(Required action): Copy every line of the entries that includes the word "sourcePoint".

(Data to process):
▬▬▬▬▬▬▬▬▬▬
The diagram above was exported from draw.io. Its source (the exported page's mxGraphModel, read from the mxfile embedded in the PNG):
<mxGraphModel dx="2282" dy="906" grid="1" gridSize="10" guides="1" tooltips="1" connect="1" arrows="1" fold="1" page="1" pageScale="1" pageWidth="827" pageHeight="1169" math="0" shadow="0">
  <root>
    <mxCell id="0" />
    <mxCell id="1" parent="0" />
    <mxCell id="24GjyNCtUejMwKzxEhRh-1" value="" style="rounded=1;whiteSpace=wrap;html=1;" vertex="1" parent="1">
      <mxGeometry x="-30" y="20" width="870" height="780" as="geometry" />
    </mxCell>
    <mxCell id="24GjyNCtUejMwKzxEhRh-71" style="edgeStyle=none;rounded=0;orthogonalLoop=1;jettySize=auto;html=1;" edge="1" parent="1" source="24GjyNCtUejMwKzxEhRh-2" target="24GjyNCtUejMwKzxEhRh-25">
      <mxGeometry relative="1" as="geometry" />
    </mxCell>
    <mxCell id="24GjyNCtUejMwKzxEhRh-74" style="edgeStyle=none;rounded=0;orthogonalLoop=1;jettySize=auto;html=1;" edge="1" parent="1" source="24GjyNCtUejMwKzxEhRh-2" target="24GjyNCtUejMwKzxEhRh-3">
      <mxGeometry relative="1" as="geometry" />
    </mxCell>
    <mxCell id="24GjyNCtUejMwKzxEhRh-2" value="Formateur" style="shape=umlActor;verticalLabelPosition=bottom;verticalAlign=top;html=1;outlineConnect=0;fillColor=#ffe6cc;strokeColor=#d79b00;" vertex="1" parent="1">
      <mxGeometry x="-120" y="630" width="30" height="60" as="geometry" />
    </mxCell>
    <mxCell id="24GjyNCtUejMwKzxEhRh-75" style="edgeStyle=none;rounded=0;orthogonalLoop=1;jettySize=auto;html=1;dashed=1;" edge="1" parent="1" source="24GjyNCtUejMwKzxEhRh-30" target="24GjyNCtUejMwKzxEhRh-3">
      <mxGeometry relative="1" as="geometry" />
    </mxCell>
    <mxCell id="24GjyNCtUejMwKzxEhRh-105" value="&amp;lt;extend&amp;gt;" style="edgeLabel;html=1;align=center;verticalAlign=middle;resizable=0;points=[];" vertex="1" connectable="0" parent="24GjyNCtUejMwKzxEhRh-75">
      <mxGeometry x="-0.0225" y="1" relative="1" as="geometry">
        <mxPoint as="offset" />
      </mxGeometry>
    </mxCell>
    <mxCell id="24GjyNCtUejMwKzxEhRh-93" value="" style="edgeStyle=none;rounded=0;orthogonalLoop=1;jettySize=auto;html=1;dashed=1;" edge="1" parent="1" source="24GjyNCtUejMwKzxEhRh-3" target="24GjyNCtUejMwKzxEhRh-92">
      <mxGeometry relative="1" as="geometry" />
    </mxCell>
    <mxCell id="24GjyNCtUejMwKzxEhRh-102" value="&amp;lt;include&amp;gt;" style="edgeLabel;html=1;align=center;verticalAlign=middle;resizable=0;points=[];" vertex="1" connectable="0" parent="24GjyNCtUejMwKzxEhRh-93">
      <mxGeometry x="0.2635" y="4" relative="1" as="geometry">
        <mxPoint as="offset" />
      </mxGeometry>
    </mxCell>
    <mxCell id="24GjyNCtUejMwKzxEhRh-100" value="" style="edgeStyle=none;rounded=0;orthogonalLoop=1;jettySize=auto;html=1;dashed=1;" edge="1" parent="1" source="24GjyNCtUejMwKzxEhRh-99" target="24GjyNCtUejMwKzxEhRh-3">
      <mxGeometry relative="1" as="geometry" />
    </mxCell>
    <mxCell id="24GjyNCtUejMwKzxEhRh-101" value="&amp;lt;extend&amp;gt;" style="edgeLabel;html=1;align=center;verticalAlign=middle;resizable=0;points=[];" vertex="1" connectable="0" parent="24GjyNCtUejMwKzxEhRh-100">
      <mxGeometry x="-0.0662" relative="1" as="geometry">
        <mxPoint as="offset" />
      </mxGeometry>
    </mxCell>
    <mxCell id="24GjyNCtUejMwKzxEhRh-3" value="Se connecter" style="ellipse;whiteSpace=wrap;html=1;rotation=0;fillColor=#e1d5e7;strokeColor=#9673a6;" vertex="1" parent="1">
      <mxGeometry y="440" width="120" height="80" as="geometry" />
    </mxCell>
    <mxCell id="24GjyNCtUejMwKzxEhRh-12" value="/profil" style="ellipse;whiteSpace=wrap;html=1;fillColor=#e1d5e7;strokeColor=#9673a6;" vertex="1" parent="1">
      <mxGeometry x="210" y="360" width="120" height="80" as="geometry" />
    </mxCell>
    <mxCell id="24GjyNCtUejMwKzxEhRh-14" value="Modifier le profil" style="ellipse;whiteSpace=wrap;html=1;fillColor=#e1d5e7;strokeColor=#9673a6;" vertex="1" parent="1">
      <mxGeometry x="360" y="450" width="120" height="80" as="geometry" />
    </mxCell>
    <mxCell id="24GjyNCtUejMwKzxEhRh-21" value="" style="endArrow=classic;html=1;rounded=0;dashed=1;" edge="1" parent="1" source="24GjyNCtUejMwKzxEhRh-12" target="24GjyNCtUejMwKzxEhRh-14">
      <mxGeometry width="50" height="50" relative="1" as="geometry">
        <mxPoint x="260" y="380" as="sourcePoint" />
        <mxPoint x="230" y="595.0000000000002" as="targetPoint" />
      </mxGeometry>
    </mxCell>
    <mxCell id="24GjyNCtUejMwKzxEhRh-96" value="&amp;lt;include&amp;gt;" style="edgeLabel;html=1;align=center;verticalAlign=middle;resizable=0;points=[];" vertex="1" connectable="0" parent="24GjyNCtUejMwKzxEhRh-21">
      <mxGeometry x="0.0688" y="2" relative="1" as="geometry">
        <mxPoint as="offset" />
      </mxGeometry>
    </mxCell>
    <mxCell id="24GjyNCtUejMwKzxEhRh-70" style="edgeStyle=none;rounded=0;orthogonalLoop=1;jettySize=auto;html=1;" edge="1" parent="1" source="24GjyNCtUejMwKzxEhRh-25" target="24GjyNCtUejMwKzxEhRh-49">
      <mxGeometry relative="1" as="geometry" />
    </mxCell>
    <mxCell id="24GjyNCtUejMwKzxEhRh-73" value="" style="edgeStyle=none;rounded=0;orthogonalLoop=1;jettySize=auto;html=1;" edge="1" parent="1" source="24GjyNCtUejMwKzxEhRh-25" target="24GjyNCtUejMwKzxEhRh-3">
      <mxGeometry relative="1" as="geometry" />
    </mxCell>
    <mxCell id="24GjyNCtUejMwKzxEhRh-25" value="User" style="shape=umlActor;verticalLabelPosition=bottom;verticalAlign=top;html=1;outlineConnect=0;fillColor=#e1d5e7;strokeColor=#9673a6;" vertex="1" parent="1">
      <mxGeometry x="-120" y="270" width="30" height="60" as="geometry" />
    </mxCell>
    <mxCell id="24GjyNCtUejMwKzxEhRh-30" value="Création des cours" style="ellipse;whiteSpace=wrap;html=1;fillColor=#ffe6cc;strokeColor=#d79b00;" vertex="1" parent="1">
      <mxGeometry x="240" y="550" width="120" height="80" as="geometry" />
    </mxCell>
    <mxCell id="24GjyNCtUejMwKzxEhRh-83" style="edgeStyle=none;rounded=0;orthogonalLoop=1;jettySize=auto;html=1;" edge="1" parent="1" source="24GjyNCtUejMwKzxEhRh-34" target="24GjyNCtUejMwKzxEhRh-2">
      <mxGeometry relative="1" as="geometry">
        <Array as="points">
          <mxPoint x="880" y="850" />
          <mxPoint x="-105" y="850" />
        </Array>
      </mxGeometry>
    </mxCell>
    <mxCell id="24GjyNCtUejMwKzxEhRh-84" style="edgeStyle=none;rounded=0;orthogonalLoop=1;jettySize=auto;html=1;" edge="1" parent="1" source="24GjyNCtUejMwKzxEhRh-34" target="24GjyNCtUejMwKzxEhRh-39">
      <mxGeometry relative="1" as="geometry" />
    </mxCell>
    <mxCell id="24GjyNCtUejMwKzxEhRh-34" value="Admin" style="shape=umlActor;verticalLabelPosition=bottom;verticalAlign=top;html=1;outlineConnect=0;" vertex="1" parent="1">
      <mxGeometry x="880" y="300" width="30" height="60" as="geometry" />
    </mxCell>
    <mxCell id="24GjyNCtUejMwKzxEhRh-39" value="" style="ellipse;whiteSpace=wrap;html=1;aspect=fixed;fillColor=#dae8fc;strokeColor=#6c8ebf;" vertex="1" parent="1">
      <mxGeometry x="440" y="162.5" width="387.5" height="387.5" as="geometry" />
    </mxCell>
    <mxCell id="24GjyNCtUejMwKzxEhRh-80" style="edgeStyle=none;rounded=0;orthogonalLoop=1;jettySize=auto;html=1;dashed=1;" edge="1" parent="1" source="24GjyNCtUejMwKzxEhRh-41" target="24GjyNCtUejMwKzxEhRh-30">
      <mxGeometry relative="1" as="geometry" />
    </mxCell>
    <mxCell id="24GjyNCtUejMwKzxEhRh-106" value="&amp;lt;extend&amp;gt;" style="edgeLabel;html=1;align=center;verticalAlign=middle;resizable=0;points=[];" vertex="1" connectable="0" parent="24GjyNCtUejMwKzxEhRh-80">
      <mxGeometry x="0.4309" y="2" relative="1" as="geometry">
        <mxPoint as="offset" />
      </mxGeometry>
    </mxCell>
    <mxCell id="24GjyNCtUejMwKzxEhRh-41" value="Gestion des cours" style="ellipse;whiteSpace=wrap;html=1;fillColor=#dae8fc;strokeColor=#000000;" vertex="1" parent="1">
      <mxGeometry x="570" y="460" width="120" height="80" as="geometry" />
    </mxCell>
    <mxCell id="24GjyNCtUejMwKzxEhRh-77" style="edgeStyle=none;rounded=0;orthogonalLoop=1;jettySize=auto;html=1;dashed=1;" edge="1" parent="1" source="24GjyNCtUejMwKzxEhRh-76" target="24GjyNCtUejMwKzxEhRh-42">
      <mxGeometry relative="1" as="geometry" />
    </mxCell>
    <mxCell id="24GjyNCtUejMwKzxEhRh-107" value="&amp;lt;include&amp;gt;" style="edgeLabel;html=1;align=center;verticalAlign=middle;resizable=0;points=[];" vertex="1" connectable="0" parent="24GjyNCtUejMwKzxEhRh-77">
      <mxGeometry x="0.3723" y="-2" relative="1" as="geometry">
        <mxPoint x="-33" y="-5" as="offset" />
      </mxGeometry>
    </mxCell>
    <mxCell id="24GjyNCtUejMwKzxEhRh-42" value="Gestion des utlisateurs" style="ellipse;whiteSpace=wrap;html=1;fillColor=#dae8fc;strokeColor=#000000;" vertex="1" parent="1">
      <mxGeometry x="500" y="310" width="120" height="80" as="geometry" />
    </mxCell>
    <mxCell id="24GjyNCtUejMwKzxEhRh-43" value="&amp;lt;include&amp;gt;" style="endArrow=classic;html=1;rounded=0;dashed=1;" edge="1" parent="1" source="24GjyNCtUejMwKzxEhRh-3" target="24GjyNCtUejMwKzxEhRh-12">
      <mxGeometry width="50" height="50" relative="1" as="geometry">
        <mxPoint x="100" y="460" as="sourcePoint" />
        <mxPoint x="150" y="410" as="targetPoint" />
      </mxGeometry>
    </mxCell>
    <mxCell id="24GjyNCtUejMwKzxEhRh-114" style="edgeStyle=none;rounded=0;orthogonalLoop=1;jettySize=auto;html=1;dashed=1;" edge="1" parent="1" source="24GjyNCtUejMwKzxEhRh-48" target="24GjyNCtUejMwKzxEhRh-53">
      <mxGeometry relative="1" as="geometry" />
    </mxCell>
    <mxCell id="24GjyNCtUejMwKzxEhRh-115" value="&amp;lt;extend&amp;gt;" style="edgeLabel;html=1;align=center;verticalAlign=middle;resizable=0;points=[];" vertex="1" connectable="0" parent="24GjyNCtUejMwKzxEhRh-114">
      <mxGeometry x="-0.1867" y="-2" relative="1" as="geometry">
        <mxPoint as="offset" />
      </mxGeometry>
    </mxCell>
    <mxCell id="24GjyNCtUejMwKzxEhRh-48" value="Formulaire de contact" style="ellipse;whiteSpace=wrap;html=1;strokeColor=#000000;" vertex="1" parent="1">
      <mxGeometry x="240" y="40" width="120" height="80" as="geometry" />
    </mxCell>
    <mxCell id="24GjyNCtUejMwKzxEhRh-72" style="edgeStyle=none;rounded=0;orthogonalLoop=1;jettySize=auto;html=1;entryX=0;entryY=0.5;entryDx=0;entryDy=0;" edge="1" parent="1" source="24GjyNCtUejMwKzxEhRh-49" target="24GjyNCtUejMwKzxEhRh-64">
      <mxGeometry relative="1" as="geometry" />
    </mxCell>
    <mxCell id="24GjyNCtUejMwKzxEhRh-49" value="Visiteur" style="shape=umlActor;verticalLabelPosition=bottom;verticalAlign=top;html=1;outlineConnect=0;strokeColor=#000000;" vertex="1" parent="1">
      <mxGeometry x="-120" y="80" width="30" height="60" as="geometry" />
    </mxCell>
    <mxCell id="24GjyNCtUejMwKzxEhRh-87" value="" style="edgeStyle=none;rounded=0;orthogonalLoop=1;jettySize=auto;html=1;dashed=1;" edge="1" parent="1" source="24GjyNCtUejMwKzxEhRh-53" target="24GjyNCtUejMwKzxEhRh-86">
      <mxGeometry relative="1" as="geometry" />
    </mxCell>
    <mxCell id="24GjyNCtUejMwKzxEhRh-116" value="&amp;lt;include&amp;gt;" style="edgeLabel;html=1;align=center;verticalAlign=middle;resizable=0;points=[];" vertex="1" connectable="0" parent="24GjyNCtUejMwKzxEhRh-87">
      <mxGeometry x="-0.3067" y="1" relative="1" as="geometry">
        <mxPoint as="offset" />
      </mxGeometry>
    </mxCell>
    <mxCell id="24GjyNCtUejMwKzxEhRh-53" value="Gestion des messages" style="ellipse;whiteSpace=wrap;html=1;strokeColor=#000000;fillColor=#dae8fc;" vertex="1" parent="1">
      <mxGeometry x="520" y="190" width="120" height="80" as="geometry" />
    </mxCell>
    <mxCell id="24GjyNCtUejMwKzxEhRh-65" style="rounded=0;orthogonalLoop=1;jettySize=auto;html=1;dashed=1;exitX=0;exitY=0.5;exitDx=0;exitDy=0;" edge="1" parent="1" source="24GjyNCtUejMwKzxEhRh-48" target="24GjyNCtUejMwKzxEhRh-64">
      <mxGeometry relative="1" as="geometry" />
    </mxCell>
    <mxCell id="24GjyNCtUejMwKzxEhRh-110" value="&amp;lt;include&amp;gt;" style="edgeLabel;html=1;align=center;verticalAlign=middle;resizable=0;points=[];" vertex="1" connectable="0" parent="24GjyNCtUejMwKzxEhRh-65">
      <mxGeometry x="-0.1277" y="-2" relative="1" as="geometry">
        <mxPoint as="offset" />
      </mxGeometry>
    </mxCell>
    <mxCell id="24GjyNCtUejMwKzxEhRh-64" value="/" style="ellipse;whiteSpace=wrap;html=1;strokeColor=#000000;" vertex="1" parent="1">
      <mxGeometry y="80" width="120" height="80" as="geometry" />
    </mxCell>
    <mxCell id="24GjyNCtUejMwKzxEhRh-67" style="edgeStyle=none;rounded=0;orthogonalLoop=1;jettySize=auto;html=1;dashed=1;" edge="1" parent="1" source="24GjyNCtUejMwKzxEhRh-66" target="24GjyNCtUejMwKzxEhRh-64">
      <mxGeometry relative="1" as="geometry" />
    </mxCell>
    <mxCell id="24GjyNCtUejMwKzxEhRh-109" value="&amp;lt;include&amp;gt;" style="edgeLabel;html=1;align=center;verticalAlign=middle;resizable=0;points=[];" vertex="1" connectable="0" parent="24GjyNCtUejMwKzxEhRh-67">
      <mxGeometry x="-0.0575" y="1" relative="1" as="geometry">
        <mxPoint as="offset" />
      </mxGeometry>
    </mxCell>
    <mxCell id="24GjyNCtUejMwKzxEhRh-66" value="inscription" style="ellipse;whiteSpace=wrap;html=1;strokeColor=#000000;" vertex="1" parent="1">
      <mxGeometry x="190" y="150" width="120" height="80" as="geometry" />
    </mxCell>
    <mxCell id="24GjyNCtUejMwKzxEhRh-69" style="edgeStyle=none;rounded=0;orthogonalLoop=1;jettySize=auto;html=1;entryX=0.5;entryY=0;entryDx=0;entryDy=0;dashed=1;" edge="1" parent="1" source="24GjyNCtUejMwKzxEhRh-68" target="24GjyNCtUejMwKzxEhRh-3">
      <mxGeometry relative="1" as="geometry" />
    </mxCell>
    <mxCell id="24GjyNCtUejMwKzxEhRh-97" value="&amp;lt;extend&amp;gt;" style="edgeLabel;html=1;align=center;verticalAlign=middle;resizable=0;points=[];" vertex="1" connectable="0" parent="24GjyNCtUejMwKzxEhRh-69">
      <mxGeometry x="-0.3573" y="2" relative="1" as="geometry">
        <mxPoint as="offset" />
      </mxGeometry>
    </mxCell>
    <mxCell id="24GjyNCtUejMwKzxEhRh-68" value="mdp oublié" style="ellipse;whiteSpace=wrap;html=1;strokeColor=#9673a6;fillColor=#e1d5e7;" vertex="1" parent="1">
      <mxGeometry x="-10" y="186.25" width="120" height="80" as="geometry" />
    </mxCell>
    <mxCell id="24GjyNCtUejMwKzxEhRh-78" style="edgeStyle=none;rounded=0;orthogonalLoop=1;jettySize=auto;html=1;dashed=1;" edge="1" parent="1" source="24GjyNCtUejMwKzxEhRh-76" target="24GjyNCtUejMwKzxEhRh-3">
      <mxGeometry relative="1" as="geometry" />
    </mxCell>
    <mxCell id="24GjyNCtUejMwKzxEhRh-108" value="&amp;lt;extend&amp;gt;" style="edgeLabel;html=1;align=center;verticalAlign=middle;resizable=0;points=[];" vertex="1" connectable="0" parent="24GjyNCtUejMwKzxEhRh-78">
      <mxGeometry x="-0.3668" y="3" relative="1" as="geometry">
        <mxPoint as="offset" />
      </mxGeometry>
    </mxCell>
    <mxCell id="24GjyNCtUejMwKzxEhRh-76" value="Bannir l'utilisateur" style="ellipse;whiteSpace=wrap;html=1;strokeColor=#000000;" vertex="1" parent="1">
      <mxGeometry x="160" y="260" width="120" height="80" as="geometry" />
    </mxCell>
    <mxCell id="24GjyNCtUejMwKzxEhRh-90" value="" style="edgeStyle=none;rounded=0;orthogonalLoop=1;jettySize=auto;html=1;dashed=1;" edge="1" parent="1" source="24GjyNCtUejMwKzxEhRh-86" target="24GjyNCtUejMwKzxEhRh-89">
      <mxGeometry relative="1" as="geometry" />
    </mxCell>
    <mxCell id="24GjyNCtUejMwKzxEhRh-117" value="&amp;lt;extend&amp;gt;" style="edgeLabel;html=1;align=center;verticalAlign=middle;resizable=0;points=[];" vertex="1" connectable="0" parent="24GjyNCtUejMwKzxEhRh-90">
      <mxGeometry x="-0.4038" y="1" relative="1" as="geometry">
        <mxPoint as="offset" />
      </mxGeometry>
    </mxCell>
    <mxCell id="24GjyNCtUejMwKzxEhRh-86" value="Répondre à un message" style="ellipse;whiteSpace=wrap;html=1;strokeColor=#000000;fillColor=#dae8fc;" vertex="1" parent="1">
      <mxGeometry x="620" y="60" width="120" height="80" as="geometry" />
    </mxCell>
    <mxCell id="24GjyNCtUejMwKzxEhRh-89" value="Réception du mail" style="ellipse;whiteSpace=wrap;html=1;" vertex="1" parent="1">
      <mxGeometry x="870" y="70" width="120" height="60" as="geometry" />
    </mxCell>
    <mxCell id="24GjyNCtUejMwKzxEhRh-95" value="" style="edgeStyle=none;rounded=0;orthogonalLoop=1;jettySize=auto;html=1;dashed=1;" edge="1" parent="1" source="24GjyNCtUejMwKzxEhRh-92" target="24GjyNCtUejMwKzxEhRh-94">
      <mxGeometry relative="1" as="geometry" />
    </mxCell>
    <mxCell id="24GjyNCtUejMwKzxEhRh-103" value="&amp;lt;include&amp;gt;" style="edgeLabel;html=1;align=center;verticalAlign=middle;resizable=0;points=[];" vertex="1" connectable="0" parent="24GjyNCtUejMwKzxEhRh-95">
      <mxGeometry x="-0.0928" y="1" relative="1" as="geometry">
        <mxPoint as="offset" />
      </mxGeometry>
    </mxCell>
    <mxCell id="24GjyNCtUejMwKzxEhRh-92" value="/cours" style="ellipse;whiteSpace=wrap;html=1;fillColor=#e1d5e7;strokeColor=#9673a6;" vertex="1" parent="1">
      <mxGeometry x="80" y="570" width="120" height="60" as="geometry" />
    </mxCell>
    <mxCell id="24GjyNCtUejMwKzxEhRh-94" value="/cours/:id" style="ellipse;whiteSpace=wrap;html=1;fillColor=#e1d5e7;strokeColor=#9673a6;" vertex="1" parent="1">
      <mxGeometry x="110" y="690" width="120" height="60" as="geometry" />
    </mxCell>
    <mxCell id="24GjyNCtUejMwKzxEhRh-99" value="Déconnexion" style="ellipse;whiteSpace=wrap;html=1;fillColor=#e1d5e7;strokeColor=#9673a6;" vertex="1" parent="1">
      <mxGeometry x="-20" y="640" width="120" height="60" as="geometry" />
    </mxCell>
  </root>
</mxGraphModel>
▬▬▬▬▬▬▬▬▬▬
(Response for this exercise):
        <mxPoint x="260" y="380" as="sourcePoint" />
        <mxPoint x="100" y="460" as="sourcePoint" />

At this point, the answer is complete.